Challenges faced by a Pathologist
Generally, it is always challenging, since the treatment plan decided by the clinician is planned based on the results that we give, which makes it vital that we give nothing but the most accurate results. In the germline part, technically, things have now become very streamlined, it’s an ever-improving technology, with the best equipment and software. So the challenges we face is in convincing the patient and explaining to them the implications of tests. We have to tell the patients both the phases, not to be disheartened and not to be too happy. Tissue accessibility to get the DNA, it’s interpretation, counseling and discussing the test results with patients, is always challenging.
The role of Pathologist and Radiologist in diagnosing cancer
The primary role of the Pathologist and Radiologist is to convey the right information to the treating doctor. Radiology is basically seeing the images and making the diagnosis. It is less invasive. In Pathology, we directly test whatever is identified by the radiology report. As a Pathologist, if I can get some extra information, it will help in the proper diagnosis. In some cases, we need to work hand in hand. There are certain tissues which are inaccessible, but you need to do the biopsy, so that’s where the radiologist and Pathologist work together in image-guided biopsies. In the end, it’s all a collective team effort focused on providing the proper diagnosis of a patient.
The importance of biopsy
Even if we are sure by radiology or an FNAC, a Biopsy is needed to confirm the diagnosis. There could be lesions that one can clinically or radiologically confirm to be cancer, but cancer is a life-changing diagnosis. The patient and family will have to go through an emotional journey, so we have to be 100% sure. Also, a Biopsy will help in subtyping cancer as nowadays the treatment has become so specific that understanding which subtype it belongs to, will make a difference in the treatment plan.

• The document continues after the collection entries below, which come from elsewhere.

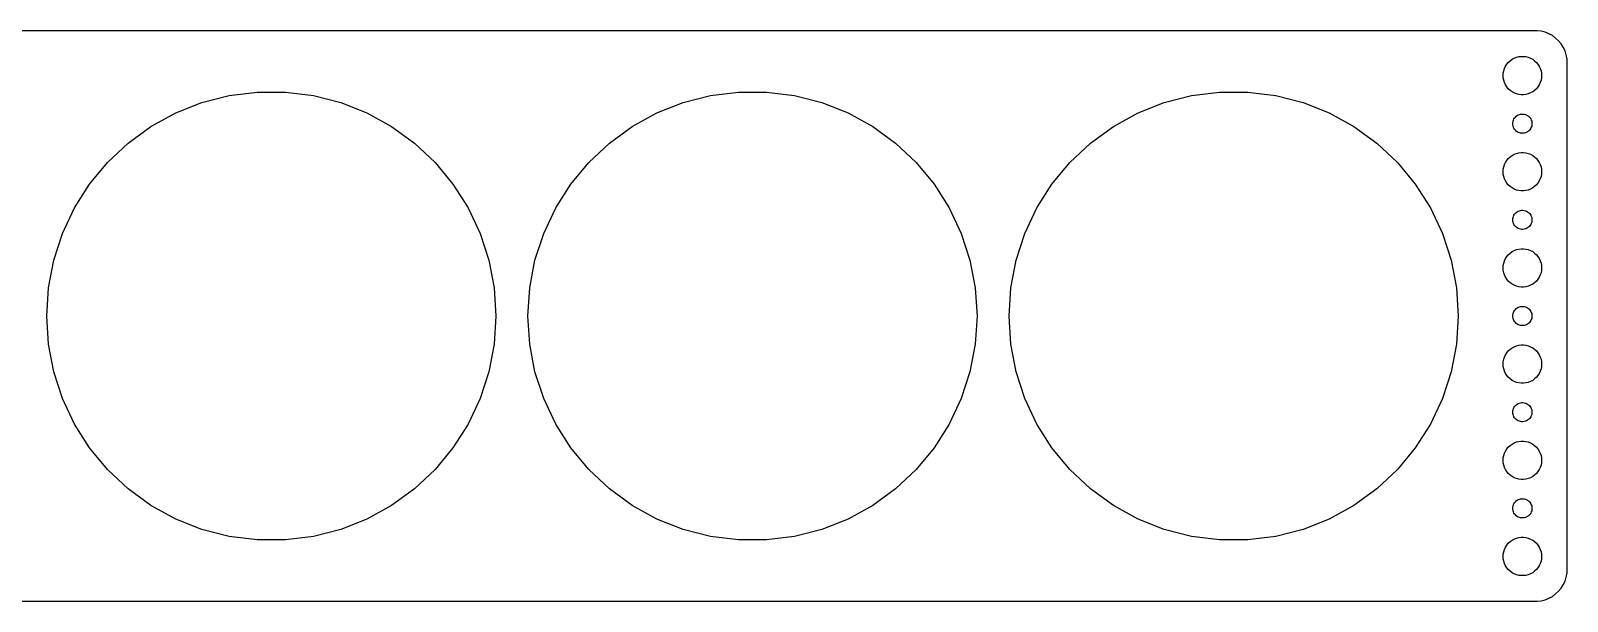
# Model space of a CAD drawing. Header units: metres. Extents: x -202 to 202, y -44 to 44.
# Drawn here: x -37.5 to 202, y -44.5 to 44.5 of the extents above; entities that cross this region are included whole.
import ezdxf

# ---------------------------------------------------------------- set-up
doc = ezdxf.new("R2010")
doc.units = ezdxf.units.M

msp = doc.modelspace()

# ---------------------------------------------------------------- linework, layer by layer
for p, q in [((197.314, 44.4901), (-197.314, 44.4901)), ((197.937, 44.4114), (197.314, 44.4901)), ((198.545, 44.2553), (197.937, 44.4114)), ((199.129, 44.0241), (198.545, 44.2553)), ((199.679, 43.7216), (199.129, 44.0241)), ((200.187, 43.3526), (199.679, 43.7216)), ((200.645, 42.9227), (200.187, 43.3526)), ((201.045, 42.4389), (200.645, 42.9227)), ((201.382, 41.9088), (201.045, 42.4389)), ((201.649, 41.3406), (201.382, 41.9088)), ((201.843, 40.7434), (201.649, 41.3406)), ((201.961, 40.1267), (201.843, 40.7434)), ((192.094, 38.2461), (192.211, 38.6044)), ((192.211, 38.6044), (192.371, 38.9453)), ((192.371, 38.9453), (192.573, 39.2634)), ((192.573, 39.2634), (192.813, 39.5536)), ((192.813, 39.5536), (193.088, 39.8115)), ((193.088, 39.8115), (193.393, 40.033)), ((193.393, 40.033), (193.723, 40.2145)), ((193.723, 40.2145), (194.073, 40.3532)), ((194.073, 40.3532), (194.438, 40.4469)), ((194.438, 40.4469), (194.812, 40.4941)), ((194.812, 40.4941), (195.188, 40.4941)), ((195.188, 40.4941), (195.562, 40.4469)), ((195.562, 40.4469), (195.927, 40.3532)), ((195.927, 40.3532), (196.277, 40.2145)), ((196.277, 40.2145), (196.607, 40.033)), ((196.607, 40.033), (196.912, 39.8115)), ((196.912, 39.8115), (197.187, 39.5536)), ((197.187, 39.5536), (197.427, 39.2634)), ((197.427, 39.2634), (197.629, 38.9453)), ((197.629, 38.9453), (197.789, 38.6044)), ((197.789, 38.6044), (197.906, 38.2461)), ((202, 39.5), (201.961, 40.1267)), ((202, -39.5), (202, 39.5)), ((192, 37.5), (192.024, 37.876)), ((192.024, 37.124), (192, 37.5)), ((192.024, 37.876), (192.094, 38.2461)), ((192.094, 36.7539), (192.024, 37.124)), ((192.211, 36.3956), (192.094, 36.7539)), ((192.371, 36.0547), (192.211, 36.3956)), ((192.573, 35.7366), (192.371, 36.0547)), ((197.629, 36.0547), (197.427, 35.7366)), ((197.789, 36.3956), (197.629, 36.0547)), ((197.906, 36.7539), (197.789, 36.3956)), ((197.906, 38.2461), (197.976, 37.876)), ((197.976, 37.124), (197.906, 36.7539)), ((197.976, 37.876), (198, 37.5)), ((198, 37.5), (197.976, 37.124)), ((-10.8156, 33.287), (-6.55833, 34.3801)), ((-6.55833, 34.3801), (-2.19766, 34.9309)), ((-2.19766, 34.9309), (2.19766, 34.9309)), ((2.19766, 34.9309), (6.55833, 34.3801)), ((6.55833, 34.3801), (10.8156, 33.287)), ((64.1844, 33.287), (68.4417, 34.3801)), ((68.4417, 34.3801), (72.8023, 34.9309)), ((72.8023, 34.9309), (77.1977, 34.9309)), ((77.1977, 34.9309), (81.5583, 34.3801)), ((81.5583, 34.3801), (85.8156, 33.287)), ((139.184, 33.287), (143.442, 34.3801)), ((143.442, 34.3801), (147.802, 34.9309)), ((147.802, 34.9309), (152.198, 34.9309)), ((152.198, 34.9309), (156.558, 34.3801)), ((156.558, 34.3801), (160.816, 33.287)), ((192.813, 35.4464), (192.573, 35.7366)), ((193.088, 35.1885), (192.813, 35.4464)), ((193.393, 34.967), (193.088, 35.1885)), ((193.723, 34.7855), (193.393, 34.967)), ((194.073, 34.6468), (193.723, 34.7855)), ((194.438, 34.5531), (194.073, 34.6468)), ((194.812, 34.5059), (194.438, 34.5531)), ((195.188, 34.5059), (194.812, 34.5059)), ((195.562, 34.5531), (195.188, 34.5059)), ((195.927, 34.6468), (195.562, 34.5531)), ((196.277, 34.7855), (195.927, 34.6468)), ((196.607, 34.967), (196.277, 34.7855)), ((196.912, 35.1885), (196.607, 34.967)), ((197.187, 35.4464), (196.912, 35.1885)), ((197.427, 35.7366), (197.187, 35.4464)), ((-18.7539, 29.5515), (-14.9023, 31.6689)), ((-14.9023, 31.6689), (-10.8156, 33.287)), ((10.8156, 33.287), (14.9023, 31.6689)), ((14.9023, 31.6689), (18.7539, 29.5515)), ((56.2461, 29.5515), (60.0977, 31.6689)), ((60.0977, 31.6689), (64.1844, 33.287)), ((85.8156, 33.287), (89.9023, 31.6689)), ((89.9023, 31.6689), (93.7539, 29.5515)), ((131.246, 29.5515), (135.098, 31.6689)), ((135.098, 31.6689), (139.184, 33.287)), ((160.816, 33.287), (164.902, 31.6689)), ((164.902, 31.6689), (168.754, 29.5515)), ((193.907, 31.0268), (194.044, 31.1558)), ((194.044, 31.1558), (194.196, 31.2665)), ((194.196, 31.2665), (194.361, 31.3572)), ((194.361, 31.3572), (194.536, 31.4266)), ((194.536, 31.4266), (194.719, 31.4734)), ((194.719, 31.4734), (194.906, 31.497)), ((194.906, 31.497), (195.094, 31.497)), ((195.094, 31.497), (195.281, 31.4734)), ((195.281, 31.4734), (195.464, 31.4266)), ((195.464, 31.4266), (195.639, 31.3572)), ((195.639, 31.3572), (195.804, 31.2665)), ((195.804, 31.2665), (195.956, 31.1558)), ((195.956, 31.1558), (196.093, 31.0268)), ((-22.3098, 26.968), (-18.7539, 29.5515)), ((18.7539, 29.5515), (22.3098, 26.968)), ((52.6902, 26.968), (56.2461, 29.5515)), ((93.7539, 29.5515), (97.3098, 26.968)), ((127.69, 26.968), (131.246, 29.5515)), ((168.754, 29.5515), (172.31, 26.968)), ((193.5, 30), (193.512, 30.188)), ((193.512, 29.812), (193.5, 30)), ((193.512, 30.188), (193.547, 30.373)), ((193.547, 29.627), (193.512, 29.812)), ((193.547, 30.373), (193.605, 30.5522)), ((193.605, 29.4478), (193.547, 29.627)), ((193.605, 30.5522), (193.686, 30.7226)), ((193.686, 29.2774), (193.605, 29.4478)), ((193.686, 30.7226), (193.786, 30.8817)), ((193.786, 29.1183), (193.686, 29.2774)), ((193.786, 30.8817), (193.907, 31.0268)), ((193.907, 28.9732), (193.786, 29.1183)), ((194.044, 28.8442), (193.907, 28.9732)), ((194.196, 28.7335), (194.044, 28.8442)), ((195.956, 28.8442), (195.804, 28.7335)), ((196.093, 28.9732), (195.956, 28.8442)), ((196.093, 31.0268), (196.214, 30.8817)), ((196.214, 29.1183), (196.093, 28.9732)), ((196.214, 30.8817), (196.314, 30.7226)), ((196.314, 29.2774), (196.214, 29.1183)), ((196.314, 30.7226), (196.395, 30.5522)), ((196.395, 29.4478), (196.314, 29.2774)), ((196.395, 30.5522), (196.453, 30.373)), ((196.453, 29.627), (196.395, 29.4478)), ((196.453, 30.373), (196.488, 30.188)), ((196.488, 29.812), (196.453, 29.627)), ((196.488, 30.188), (196.5, 30)), ((196.5, 30), (196.488, 29.812)), ((-25.5139, 23.9591), (-22.3098, 26.968)), ((22.3098, 26.968), (25.5139, 23.9591)), ((49.4861, 23.9591), (52.6902, 26.968)), ((97.3098, 26.968), (100.514, 23.9591)), ((124.486, 23.9591), (127.69, 26.968)), ((172.31, 26.968), (175.514, 23.9591)), ((194.361, 28.6427), (194.196, 28.7335)), ((194.536, 28.5734), (194.361, 28.6427)), ((194.719, 28.5266), (194.536, 28.5734)), ((194.906, 28.503), (194.719, 28.5266)), ((195.094, 28.503), (194.906, 28.503)), ((195.281, 28.5266), (195.094, 28.503)), ((195.464, 28.5734), (195.281, 28.5266)), ((195.639, 28.6427), (195.464, 28.5734)), ((195.804, 28.7335), (195.639, 28.6427)), ((-28.3156, 20.5725), (-25.5139, 23.9591)), ((25.5139, 23.9591), (28.3156, 20.5725)), ((46.6844, 20.5725), (49.4861, 23.9591)), ((100.514, 23.9591), (103.316, 20.5725)), ((121.684, 20.5725), (124.486, 23.9591)), ((175.514, 23.9591), (178.316, 20.5725)), ((192.371, 23.9453), (192.573, 24.2634)), ((192.573, 24.2634), (192.813, 24.5536)), ((192.813, 24.5536), (193.088, 24.8115)), ((193.088, 24.8115), (193.393, 25.033)), ((193.393, 25.033), (193.723, 25.2145)), ((193.723, 25.2145), (194.073, 25.3532)), ((194.073, 25.3532), (194.438, 25.4469)), ((194.438, 25.4469), (194.812, 25.4941)), ((194.812, 25.4941), (195.188, 25.4941)), ((195.188, 25.4941), (195.562, 25.4469)), ((195.562, 25.4469), (195.927, 25.3532)), ((195.927, 25.3532), (196.277, 25.2145)), ((196.277, 25.2145), (196.607, 25.033)), ((196.607, 25.033), (196.912, 24.8115)), ((196.912, 24.8115), (197.187, 24.5536)), ((197.187, 24.5536), (197.427, 24.2634)), ((197.427, 24.2634), (197.629, 23.9453)), ((192, 22.5), (192.024, 22.876)), ((192.024, 22.124), (192, 22.5)), ((192.024, 22.876), (192.094, 23.2461)), ((192.094, 21.7539), (192.024, 22.124)), ((192.094, 23.2461), (192.211, 23.6044)), ((192.211, 21.3956), (192.094, 21.7539)), ((192.211, 23.6044), (192.371, 23.9453)), ((197.629, 23.9453), (197.789, 23.6044)), ((197.789, 23.6044), (197.906, 23.2461)), ((197.906, 21.7539), (197.789, 21.3956)), ((197.906, 23.2461), (197.976, 22.876)), ((197.976, 22.124), (197.906, 21.7539)), ((197.976, 22.876), (198, 22.5)), ((198, 22.5), (197.976, 22.124)), ((-30.6707, 16.8614), (-28.3156, 20.5725)), ((28.3156, 20.5725), (30.6707, 16.8614)), ((44.3293, 16.8614), (46.6844, 20.5725)), ((103.316, 20.5725), (105.671, 16.8614)), ((119.329, 16.8614), (121.684, 20.5725)), ((178.316, 20.5725), (180.671, 16.8614)), ((192.371, 21.0547), (192.211, 21.3956)), ((192.573, 20.7366), (192.371, 21.0547)), ((192.813, 20.4464), (192.573, 20.7366)), ((193.088, 20.1884), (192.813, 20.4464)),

The information in a Pathology report
We need to tell the doctor whether the cancer is there is not, where the cancer is arriving from, how much the cancer has spread, whether the amount of tissue removed is enough, or if there is still some cancer left in the body. A basic pathology report should ideally include these details.
Proper nutrition and a healthy lifestyle
Nutrition has to be generally healthy; high protein, high fibre, low carbohydrate diet, lots of fluids, with some mindful walking, exercise and some meditation. Ultimately this will improve your immunity which may not help in preventing cancer but will help in fighting it better.
Stigmas and myths related to cancer
I feel it’s high time that we start talking about cancer, mainly Breast Cancer and Ovarian Cancer. Even today, nobody wants to disclose that they have Breast Cancer in the family. We need to understand that it’s just another disease, and it can be cured. All cancers are not hereditary, and we just need to be aware of the risk factors. Do self-examination regularly, and once you feel something, then don’t delay it, just go and get it checked. Please don’t be scared of cancer because we are lucky to be living at a time where cancer can be dealt very well thanks to the advancements in medical science.